--- DATA TO PROCESS ---
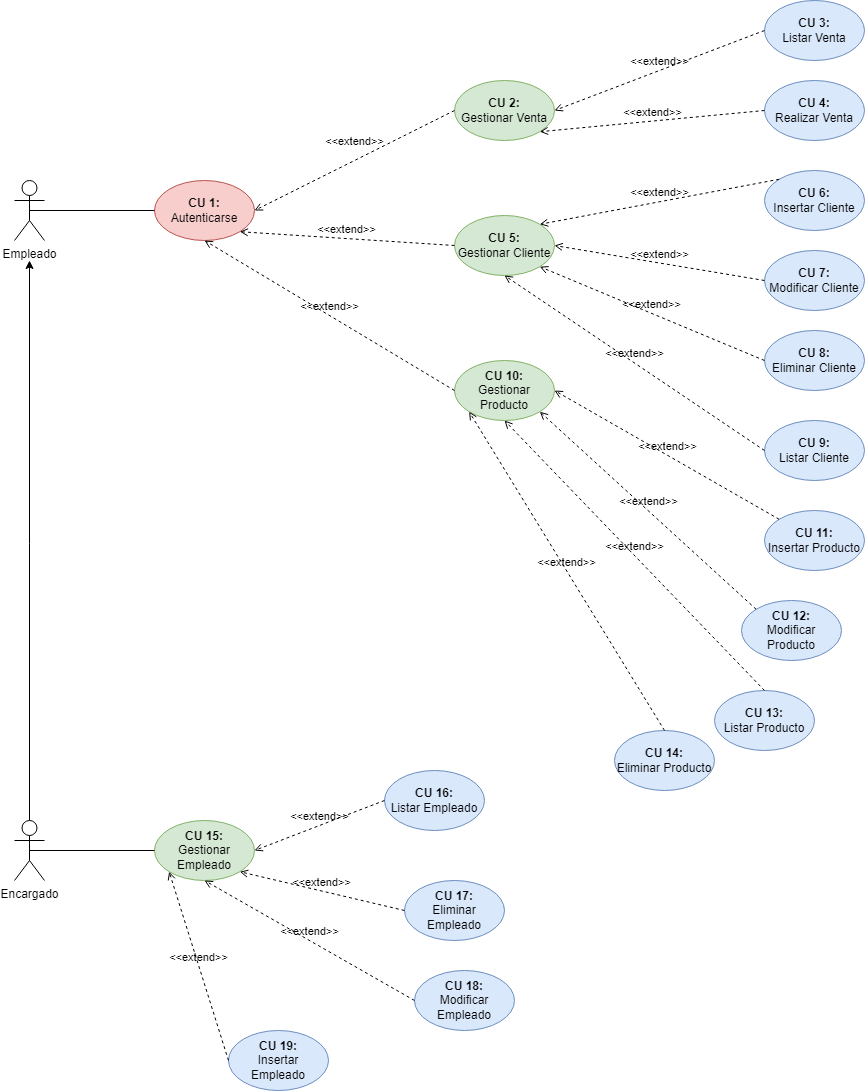

The diagram above was exported from draw.io. Its source (the exported page's mxGraphModel, read from the mxfile embedded in the PNG):
<mxGraphModel dx="1674" dy="764" grid="1" gridSize="10" guides="1" tooltips="1" connect="1" arrows="1" fold="1" page="1" pageScale="1" pageWidth="827" pageHeight="1169" math="0" shadow="0">
  <root>
    <mxCell id="0" />
    <mxCell id="1" parent="0" />
    <mxCell id="gO30IvoKWfrUfO-ye4eQ-1" value="Empleado" style="shape=umlActor;verticalLabelPosition=bottom;verticalAlign=top;html=1;outlineConnect=0;" parent="1" vertex="1">
      <mxGeometry x="100" y="180" width="30" height="60" as="geometry" />
    </mxCell>
    <mxCell id="gO30IvoKWfrUfO-ye4eQ-2" value="Encargado" style="shape=umlActor;verticalLabelPosition=bottom;verticalAlign=top;html=1;outlineConnect=0;" parent="1" vertex="1">
      <mxGeometry x="100" y="820" width="30" height="60" as="geometry" />
    </mxCell>
    <mxCell id="gO30IvoKWfrUfO-ye4eQ-3" value="&lt;b style=&quot;border-color: var(--border-color);&quot;&gt;CU 2:&lt;/b&gt;&lt;br&gt;Gestionar Venta" style="ellipse;whiteSpace=wrap;html=1;fillColor=#d5e8d4;strokeColor=#82b366;" parent="1" vertex="1">
      <mxGeometry x="540" y="80" width="100" height="60" as="geometry" />
    </mxCell>
    <mxCell id="gO30IvoKWfrUfO-ye4eQ-4" value="&lt;b style=&quot;border-color: var(--border-color);&quot;&gt;CU 5:&lt;/b&gt;&lt;br&gt;Gestionar Cliente" style="ellipse;whiteSpace=wrap;html=1;fillColor=#d5e8d4;strokeColor=#82b366;" parent="1" vertex="1">
      <mxGeometry x="540" y="215" width="100" height="60" as="geometry" />
    </mxCell>
    <mxCell id="gO30IvoKWfrUfO-ye4eQ-5" value="&lt;b style=&quot;border-color: var(--border-color);&quot;&gt;CU 10:&lt;/b&gt;&lt;br&gt;Gestionar Producto" style="ellipse;whiteSpace=wrap;html=1;fillColor=#d5e8d4;strokeColor=#82b366;" parent="1" vertex="1">
      <mxGeometry x="540" y="360" width="100" height="60" as="geometry" />
    </mxCell>
    <mxCell id="gO30IvoKWfrUfO-ye4eQ-6" value="&lt;b style=&quot;border-color: var(--border-color);&quot;&gt;CU 15:&lt;/b&gt;&lt;br&gt;Gestionar Empleado" style="ellipse;whiteSpace=wrap;html=1;fillColor=#d5e8d4;strokeColor=#82b366;" parent="1" vertex="1">
      <mxGeometry x="240" y="820" width="100" height="60" as="geometry" />
    </mxCell>
    <mxCell id="gO30IvoKWfrUfO-ye4eQ-7" value="&lt;b&gt;CU 1:&lt;/b&gt;&lt;br&gt;Autenticarse" style="ellipse;whiteSpace=wrap;html=1;fillColor=#f8cecc;strokeColor=#b85450;" parent="1" vertex="1">
      <mxGeometry x="240" y="180" width="100" height="60" as="geometry" />
    </mxCell>
    <mxCell id="gO30IvoKWfrUfO-ye4eQ-8" value="" style="endArrow=classic;html=1;rounded=0;" parent="1" source="gO30IvoKWfrUfO-ye4eQ-2" edge="1">
      <mxGeometry width="50" height="50" relative="1" as="geometry">
        <mxPoint x="390" y="430" as="sourcePoint" />
        <mxPoint x="115" y="260" as="targetPoint" />
      </mxGeometry>
    </mxCell>
    <mxCell id="gO30IvoKWfrUfO-ye4eQ-11" value="&lt;b style=&quot;border-color: var(--border-color);&quot;&gt;CU 3:&lt;/b&gt;&lt;br&gt;Listar Venta" style="ellipse;whiteSpace=wrap;html=1;fillColor=#dae8fc;strokeColor=#6c8ebf;" parent="1" vertex="1">
      <mxGeometry x="850" width="100" height="60" as="geometry" />
    </mxCell>
    <mxCell id="gO30IvoKWfrUfO-ye4eQ-12" value="&lt;b style=&quot;border-color: var(--border-color);&quot;&gt;CU 4:&lt;/b&gt;&lt;br&gt;Realizar Venta" style="ellipse;whiteSpace=wrap;html=1;fillColor=#dae8fc;strokeColor=#6c8ebf;" parent="1" vertex="1">
      <mxGeometry x="850" y="80" width="100" height="60" as="geometry" />
    </mxCell>
    <mxCell id="gO30IvoKWfrUfO-ye4eQ-13" value="&lt;div&gt;&lt;b style=&quot;border-color: var(--border-color);&quot;&gt;CU 6:&lt;/b&gt;&lt;br&gt;&lt;/div&gt;&lt;div&gt;Insertar Cliente&lt;/div&gt;" style="ellipse;whiteSpace=wrap;html=1;fillColor=#dae8fc;strokeColor=#6c8ebf;" parent="1" vertex="1">
      <mxGeometry x="850" y="170" width="100" height="60" as="geometry" />
    </mxCell>
    <mxCell id="gO30IvoKWfrUfO-ye4eQ-14" value="&lt;b style=&quot;border-color: var(--border-color);&quot;&gt;CU 7:&lt;/b&gt;&lt;br&gt;Modificar Cliente" style="ellipse;whiteSpace=wrap;html=1;fillColor=#dae8fc;strokeColor=#6c8ebf;" parent="1" vertex="1">
      <mxGeometry x="850" y="250" width="100" height="60" as="geometry" />
    </mxCell>
    <mxCell id="gO30IvoKWfrUfO-ye4eQ-15" value="&lt;b style=&quot;border-color: var(--border-color);&quot;&gt;CU 8:&lt;/b&gt;&lt;br&gt;Eliminar Cliente" style="ellipse;whiteSpace=wrap;html=1;fillColor=#dae8fc;strokeColor=#6c8ebf;" parent="1" vertex="1">
      <mxGeometry x="850" y="330" width="100" height="60" as="geometry" />
    </mxCell>
    <mxCell id="I9A6L3i21AWGa95snZsH-1" value="&lt;b style=&quot;border-color: var(--border-color);&quot;&gt;CU 9:&lt;/b&gt;&lt;br&gt;Listar Cliente" style="ellipse;whiteSpace=wrap;html=1;fillColor=#dae8fc;strokeColor=#6c8ebf;" parent="1" vertex="1">
      <mxGeometry x="850" y="420" width="100" height="60" as="geometry" />
    </mxCell>
    <mxCell id="I9A6L3i21AWGa95snZsH-2" value="&lt;b style=&quot;border-color: var(--border-color);&quot;&gt;CU 11:&lt;/b&gt;&lt;br&gt;Insertar Producto" style="ellipse;whiteSpace=wrap;html=1;fillColor=#dae8fc;strokeColor=#6c8ebf;" parent="1" vertex="1">
      <mxGeometry x="850" y="510" width="100" height="60" as="geometry" />
    </mxCell>
    <mxCell id="I9A6L3i21AWGa95snZsH-3" value="&lt;b style=&quot;border-color: var(--border-color);&quot;&gt;CU 12:&lt;/b&gt;&lt;br&gt;Modificar Producto" style="ellipse;whiteSpace=wrap;html=1;fillColor=#dae8fc;strokeColor=#6c8ebf;" parent="1" vertex="1">
      <mxGeometry x="827" y="600" width="100" height="60" as="geometry" />
    </mxCell>
    <mxCell id="I9A6L3i21AWGa95snZsH-4" value="&lt;b style=&quot;border-color: var(--border-color);&quot;&gt;CU 13:&lt;/b&gt;&lt;br&gt;Listar Producto" style="ellipse;whiteSpace=wrap;html=1;fillColor=#dae8fc;strokeColor=#6c8ebf;" parent="1" vertex="1">
      <mxGeometry x="800" y="690" width="100" height="60" as="geometry" />
    </mxCell>
    <mxCell id="I9A6L3i21AWGa95snZsH-5" value="&lt;b style=&quot;border-color: var(--border-color);&quot;&gt;CU 14:&lt;/b&gt;&lt;br&gt;Eliminar Producto" style="ellipse;whiteSpace=wrap;html=1;fillColor=#dae8fc;strokeColor=#6c8ebf;" parent="1" vertex="1">
      <mxGeometry x="700" y="730" width="100" height="60" as="geometry" />
    </mxCell>
    <mxCell id="I9A6L3i21AWGa95snZsH-6" value="&lt;b style=&quot;border-color: var(--border-color);&quot;&gt;CU 19:&lt;/b&gt;&lt;br&gt;Insertar Empleado" style="ellipse;whiteSpace=wrap;html=1;fillColor=#dae8fc;strokeColor=#6c8ebf;" parent="1" vertex="1">
      <mxGeometry x="314" y="1030" width="100" height="60" as="geometry" />
    </mxCell>
    <mxCell id="I9A6L3i21AWGa95snZsH-7" value="&lt;b style=&quot;border-color: var(--border-color);&quot;&gt;CU 18:&lt;/b&gt;&lt;br&gt;Modificar Empleado" style="ellipse;whiteSpace=wrap;html=1;fillColor=#dae8fc;strokeColor=#6c8ebf;" parent="1" vertex="1">
      <mxGeometry x="500" y="970" width="100" height="60" as="geometry" />
    </mxCell>
    <mxCell id="I9A6L3i21AWGa95snZsH-8" value="&lt;b style=&quot;border-color: var(--border-color);&quot;&gt;CU 17:&lt;/b&gt;&lt;br&gt;Eliminar Empleado" style="ellipse;whiteSpace=wrap;html=1;fillColor=#dae8fc;strokeColor=#6c8ebf;" parent="1" vertex="1">
      <mxGeometry x="490" y="880" width="100" height="60" as="geometry" />
    </mxCell>
    <mxCell id="I9A6L3i21AWGa95snZsH-9" value="&lt;b style=&quot;border-color: var(--border-color);&quot;&gt;CU 16:&lt;/b&gt;&lt;br&gt;Listar Empleado" style="ellipse;whiteSpace=wrap;html=1;fillColor=#dae8fc;strokeColor=#6c8ebf;" parent="1" vertex="1">
      <mxGeometry x="470" y="770" width="100" height="60" as="geometry" />
    </mxCell>
    <mxCell id="I9A6L3i21AWGa95snZsH-16" value="" style="endArrow=none;html=1;rounded=0;entryX=0;entryY=0.5;entryDx=0;entryDy=0;exitX=0.5;exitY=0.5;exitDx=0;exitDy=0;exitPerimeter=0;" parent="1" source="gO30IvoKWfrUfO-ye4eQ-1" target="gO30IvoKWfrUfO-ye4eQ-7" edge="1">
      <mxGeometry width="50" height="50" relative="1" as="geometry">
        <mxPoint x="260" y="340" as="sourcePoint" />
        <mxPoint x="310" y="290" as="targetPoint" />
      </mxGeometry>
    </mxCell>
    <mxCell id="I9A6L3i21AWGa95snZsH-38" value="&amp;lt;&amp;lt;extend&amp;gt;&amp;gt;" style="html=1;verticalAlign=bottom;labelBackgroundColor=none;endArrow=open;endFill=0;dashed=1;rounded=0;exitX=0;exitY=0.5;exitDx=0;exitDy=0;entryX=1;entryY=1;entryDx=0;entryDy=0;" parent="1" source="gO30IvoKWfrUfO-ye4eQ-12" target="gO30IvoKWfrUfO-ye4eQ-3" edge="1">
      <mxGeometry width="160" relative="1" as="geometry">
        <mxPoint x="710" y="215" as="sourcePoint" />
        <mxPoint x="870" y="215" as="targetPoint" />
      </mxGeometry>
    </mxCell>
    <mxCell id="I9A6L3i21AWGa95snZsH-40" value="&amp;lt;&amp;lt;extend&amp;gt;&amp;gt;" style="html=1;verticalAlign=bottom;labelBackgroundColor=none;endArrow=open;endFill=0;dashed=1;rounded=0;exitX=0.5;exitY=0;exitDx=0;exitDy=0;entryX=0;entryY=1;entryDx=0;entryDy=0;" parent="1" source="I9A6L3i21AWGa95snZsH-5" target="gO30IvoKWfrUfO-ye4eQ-5" edge="1">
      <mxGeometry width="160" relative="1" as="geometry">
        <mxPoint x="590" y="690" as="sourcePoint" />
        <mxPoint x="750" y="690" as="targetPoint" />
      </mxGeometry>
    </mxCell>
    <mxCell id="I9A6L3i21AWGa95snZsH-41" value="&amp;lt;&amp;lt;extend&amp;gt;&amp;gt;" style="html=1;verticalAlign=bottom;labelBackgroundColor=none;endArrow=open;endFill=0;dashed=1;rounded=0;exitX=0;exitY=0.5;exitDx=0;exitDy=0;entryX=1;entryY=0.5;entryDx=0;entryDy=0;" parent="1" source="gO30IvoKWfrUfO-ye4eQ-3" target="gO30IvoKWfrUfO-ye4eQ-7" edge="1">
      <mxGeometry x="-0.04" y="-9" width="160" relative="1" as="geometry">
        <mxPoint x="530" y="180" as="sourcePoint" />
        <mxPoint x="690" y="180" as="targetPoint" />
        <mxPoint as="offset" />
      </mxGeometry>
    </mxCell>
    <mxCell id="I9A6L3i21AWGa95snZsH-42" value="&amp;lt;&amp;lt;extend&amp;gt;&amp;gt;" style="html=1;verticalAlign=bottom;labelBackgroundColor=none;endArrow=open;endFill=0;dashed=1;rounded=0;exitX=0;exitY=0.5;exitDx=0;exitDy=0;entryX=1;entryY=0.5;entryDx=0;entryDy=0;" parent="1" source="gO30IvoKWfrUfO-ye4eQ-11" target="gO30IvoKWfrUfO-ye4eQ-3" edge="1">
      <mxGeometry width="160" relative="1" as="geometry">
        <mxPoint x="790" y="90" as="sourcePoint" />
        <mxPoint x="950" y="90" as="targetPoint" />
      </mxGeometry>
    </mxCell>
    <mxCell id="I9A6L3i21AWGa95snZsH-43" value="&amp;lt;&amp;lt;extend&amp;gt;&amp;gt;" style="html=1;verticalAlign=bottom;labelBackgroundColor=none;endArrow=open;endFill=0;dashed=1;rounded=0;exitX=0;exitY=0;exitDx=0;exitDy=0;entryX=1;entryY=0;entryDx=0;entryDy=0;" parent="1" source="gO30IvoKWfrUfO-ye4eQ-13" target="gO30IvoKWfrUfO-ye4eQ-4" edge="1">
      <mxGeometry width="160" relative="1" as="geometry">
        <mxPoint x="910" y="180" as="sourcePoint" />
        <mxPoint x="1070" y="180" as="targetPoint" />
      </mxGeometry>
    </mxCell>
    <mxCell id="I9A6L3i21AWGa95snZsH-44" value="&amp;lt;&amp;lt;extend&amp;gt;&amp;gt;" style="html=1;verticalAlign=bottom;labelBackgroundColor=none;endArrow=open;endFill=0;dashed=1;rounded=0;exitX=0;exitY=0.5;exitDx=0;exitDy=0;entryX=1;entryY=0.5;entryDx=0;entryDy=0;" parent="1" source="gO30IvoKWfrUfO-ye4eQ-14" target="gO30IvoKWfrUfO-ye4eQ-4" edge="1">
      <mxGeometry width="160" relative="1" as="geometry">
        <mxPoint x="790" y="280" as="sourcePoint" />
        <mxPoint x="950" y="280" as="targetPoint" />
      </mxGeometry>
    </mxCell>
    <mxCell id="I9A6L3i21AWGa95snZsH-45" value="&amp;lt;&amp;lt;extend&amp;gt;&amp;gt;" style="html=1;verticalAlign=bottom;labelBackgroundColor=none;endArrow=open;endFill=0;dashed=1;rounded=0;exitX=0;exitY=0.5;exitDx=0;exitDy=0;entryX=1;entryY=1;entryDx=0;entryDy=0;" parent="1" source="gO30IvoKWfrUfO-ye4eQ-15" target="gO30IvoKWfrUfO-ye4eQ-4" edge="1">
      <mxGeometry width="160" relative="1" as="geometry">
        <mxPoint x="860" y="370" as="sourcePoint" />
        <mxPoint x="1020" y="370" as="targetPoint" />
      </mxGeometry>
    </mxCell>
    <mxCell id="I9A6L3i21AWGa95snZsH-46" value="&amp;lt;&amp;lt;extend&amp;gt;&amp;gt;" style="html=1;verticalAlign=bottom;labelBackgroundColor=none;endArrow=open;endFill=0;dashed=1;rounded=0;exitX=0;exitY=0.5;exitDx=0;exitDy=0;entryX=0.5;entryY=1;entryDx=0;entryDy=0;" parent="1" source="I9A6L3i21AWGa95snZsH-1" target="gO30IvoKWfrUfO-ye4eQ-4" edge="1">
      <mxGeometry width="160" relative="1" as="geometry">
        <mxPoint x="860" y="450" as="sourcePoint" />
        <mxPoint x="1020" y="450" as="targetPoint" />
      </mxGeometry>
    </mxCell>
    <mxCell id="I9A6L3i21AWGa95snZsH-47" value="&amp;lt;&amp;lt;extend&amp;gt;&amp;gt;" style="html=1;verticalAlign=bottom;labelBackgroundColor=none;endArrow=open;endFill=0;dashed=1;rounded=0;exitX=0;exitY=0;exitDx=0;exitDy=0;entryX=1;entryY=0.5;entryDx=0;entryDy=0;" parent="1" source="I9A6L3i21AWGa95snZsH-2" target="gO30IvoKWfrUfO-ye4eQ-5" edge="1">
      <mxGeometry width="160" relative="1" as="geometry">
        <mxPoint x="930" y="520" as="sourcePoint" />
        <mxPoint x="1090" y="520" as="targetPoint" />
      </mxGeometry>
    </mxCell>
    <mxCell id="I9A6L3i21AWGa95snZsH-48" value="&amp;lt;&amp;lt;extend&amp;gt;&amp;gt;" style="html=1;verticalAlign=bottom;labelBackgroundColor=none;endArrow=open;endFill=0;dashed=1;rounded=0;exitX=0;exitY=0;exitDx=0;exitDy=0;entryX=1;entryY=1;entryDx=0;entryDy=0;" parent="1" source="I9A6L3i21AWGa95snZsH-3" target="gO30IvoKWfrUfO-ye4eQ-5" edge="1">
      <mxGeometry width="160" relative="1" as="geometry">
        <mxPoint x="840" y="650" as="sourcePoint" />
        <mxPoint x="1000" y="650" as="targetPoint" />
      </mxGeometry>
    </mxCell>
    <mxCell id="I9A6L3i21AWGa95snZsH-49" value="&amp;lt;&amp;lt;extend&amp;gt;&amp;gt;" style="html=1;verticalAlign=bottom;labelBackgroundColor=none;endArrow=open;endFill=0;dashed=1;rounded=0;exitX=0.5;exitY=0;exitDx=0;exitDy=0;entryX=0.5;entryY=1;entryDx=0;entryDy=0;" parent="1" source="I9A6L3i21AWGa95snZsH-4" target="gO30IvoKWfrUfO-ye4eQ-5" edge="1">
      <mxGeometry width="160" relative="1" as="geometry">
        <mxPoint x="720" y="670" as="sourcePoint" />
        <mxPoint x="880" y="670" as="targetPoint" />
      </mxGeometry>
    </mxCell>
    <mxCell id="I9A6L3i21AWGa95snZsH-51" value="&amp;lt;&amp;lt;extend&amp;gt;&amp;gt;" style="html=1;verticalAlign=bottom;labelBackgroundColor=none;endArrow=open;endFill=0;dashed=1;rounded=0;exitX=0;exitY=0.5;exitDx=0;exitDy=0;entryX=1;entryY=0.5;entryDx=0;entryDy=0;" parent="1" source="I9A6L3i21AWGa95snZsH-9" target="gO30IvoKWfrUfO-ye4eQ-6" edge="1">
      <mxGeometry width="160" relative="1" as="geometry">
        <mxPoint x="440" y="810" as="sourcePoint" />
        <mxPoint x="600" y="810" as="targetPoint" />
      </mxGeometry>
    </mxCell>
    <mxCell id="I9A6L3i21AWGa95snZsH-53" value="" style="endArrow=none;html=1;rounded=0;entryX=0;entryY=0.5;entryDx=0;entryDy=0;exitX=0.5;exitY=0.5;exitDx=0;exitDy=0;exitPerimeter=0;" parent="1" source="gO30IvoKWfrUfO-ye4eQ-2" target="gO30IvoKWfrUfO-ye4eQ-6" edge="1">
      <mxGeometry width="50" height="50" relative="1" as="geometry">
        <mxPoint x="180" y="890" as="sourcePoint" />
        <mxPoint x="230" y="840" as="targetPoint" />
      </mxGeometry>
    </mxCell>
    <mxCell id="I9A6L3i21AWGa95snZsH-54" value="&amp;lt;&amp;lt;extend&amp;gt;&amp;gt;" style="html=1;verticalAlign=bottom;labelBackgroundColor=none;endArrow=open;endFill=0;dashed=1;rounded=0;exitX=0;exitY=0.5;exitDx=0;exitDy=0;entryX=1;entryY=1;entryDx=0;entryDy=0;" parent="1" source="gO30IvoKWfrUfO-ye4eQ-4" target="gO30IvoKWfrUfO-ye4eQ-7" edge="1">
      <mxGeometry width="160" relative="1" as="geometry">
        <mxPoint x="430" y="290" as="sourcePoint" />
        <mxPoint x="590" y="290" as="targetPoint" />
      </mxGeometry>
    </mxCell>
    <mxCell id="I9A6L3i21AWGa95snZsH-55" value="&amp;lt;&amp;lt;extend&amp;gt;&amp;gt;" style="html=1;verticalAlign=bottom;labelBackgroundColor=none;endArrow=open;endFill=0;dashed=1;rounded=0;entryX=0.5;entryY=1;entryDx=0;entryDy=0;exitX=0;exitY=0.5;exitDx=0;exitDy=0;" parent="1" source="gO30IvoKWfrUfO-ye4eQ-5" target="gO30IvoKWfrUfO-ye4eQ-7" edge="1">
      <mxGeometry width="160" relative="1" as="geometry">
        <mxPoint x="380" y="340" as="sourcePoint" />
        <mxPoint x="540" y="340" as="targetPoint" />
      </mxGeometry>
    </mxCell>
    <mxCell id="I9A6L3i21AWGa95snZsH-56" value="&amp;lt;&amp;lt;extend&amp;gt;&amp;gt;" style="html=1;verticalAlign=bottom;labelBackgroundColor=none;endArrow=open;endFill=0;dashed=1;rounded=0;exitX=0;exitY=0.5;exitDx=0;exitDy=0;entryX=1;entryY=1;entryDx=0;entryDy=0;" parent="1" source="I9A6L3i21AWGa95snZsH-8" target="gO30IvoKWfrUfO-ye4eQ-6" edge="1">
      <mxGeometry width="160" relative="1" as="geometry">
        <mxPoint x="590" y="830" as="sourcePoint" />
        <mxPoint x="750" y="830" as="targetPoint" />
      </mxGeometry>
    </mxCell>
    <mxCell id="I9A6L3i21AWGa95snZsH-57" value="&amp;lt;&amp;lt;extend&amp;gt;&amp;gt;" style="html=1;verticalAlign=bottom;labelBackgroundColor=none;endArrow=open;endFill=0;dashed=1;rounded=0;exitX=0;exitY=0.5;exitDx=0;exitDy=0;entryX=0.5;entryY=1;entryDx=0;entryDy=0;" parent="1" source="I9A6L3i21AWGa95snZsH-7" target="gO30IvoKWfrUfO-ye4eQ-6" edge="1">
      <mxGeometry width="160" relative="1" as="geometry">
        <mxPoint x="710" y="1020" as="sourcePoint" />
        <mxPoint x="870" y="1020" as="targetPoint" />
      </mxGeometry>
    </mxCell>
    <mxCell id="I9A6L3i21AWGa95snZsH-58" value="&amp;lt;&amp;lt;extend&amp;gt;&amp;gt;" style="html=1;verticalAlign=bottom;labelBackgroundColor=none;endArrow=open;endFill=0;dashed=1;rounded=0;exitX=0;exitY=0.5;exitDx=0;exitDy=0;entryX=0;entryY=1;entryDx=0;entryDy=0;" parent="1" source="I9A6L3i21AWGa95snZsH-6" target="gO30IvoKWfrUfO-ye4eQ-6" edge="1">
      <mxGeometry width="160" relative="1" as="geometry">
        <mxPoint x="420" y="1070" as="sourcePoint" />
        <mxPoint x="580" y="1070" as="targetPoint" />
      </mxGeometry>
    </mxCell>
  </root>
</mxGraphModel>
---
**WHAT TO DO**
Filter the entries above and keep only the lines with the word "shape".

**ANSWER**
    <mxCell id="gO30IvoKWfrUfO-ye4eQ-1" value="Empleado" style="shape=umlActor;verticalLabelPosition=bottom;verticalAlign=top;html=1;outlineConnect=0;" parent="1" vertex="1">
    <mxCell id="gO30IvoKWfrUfO-ye4eQ-2" value="Encargado" style="shape=umlActor;verticalLabelPosition=bottom;verticalAlign=top;html=1;outlineConnect=0;" parent="1" vertex="1">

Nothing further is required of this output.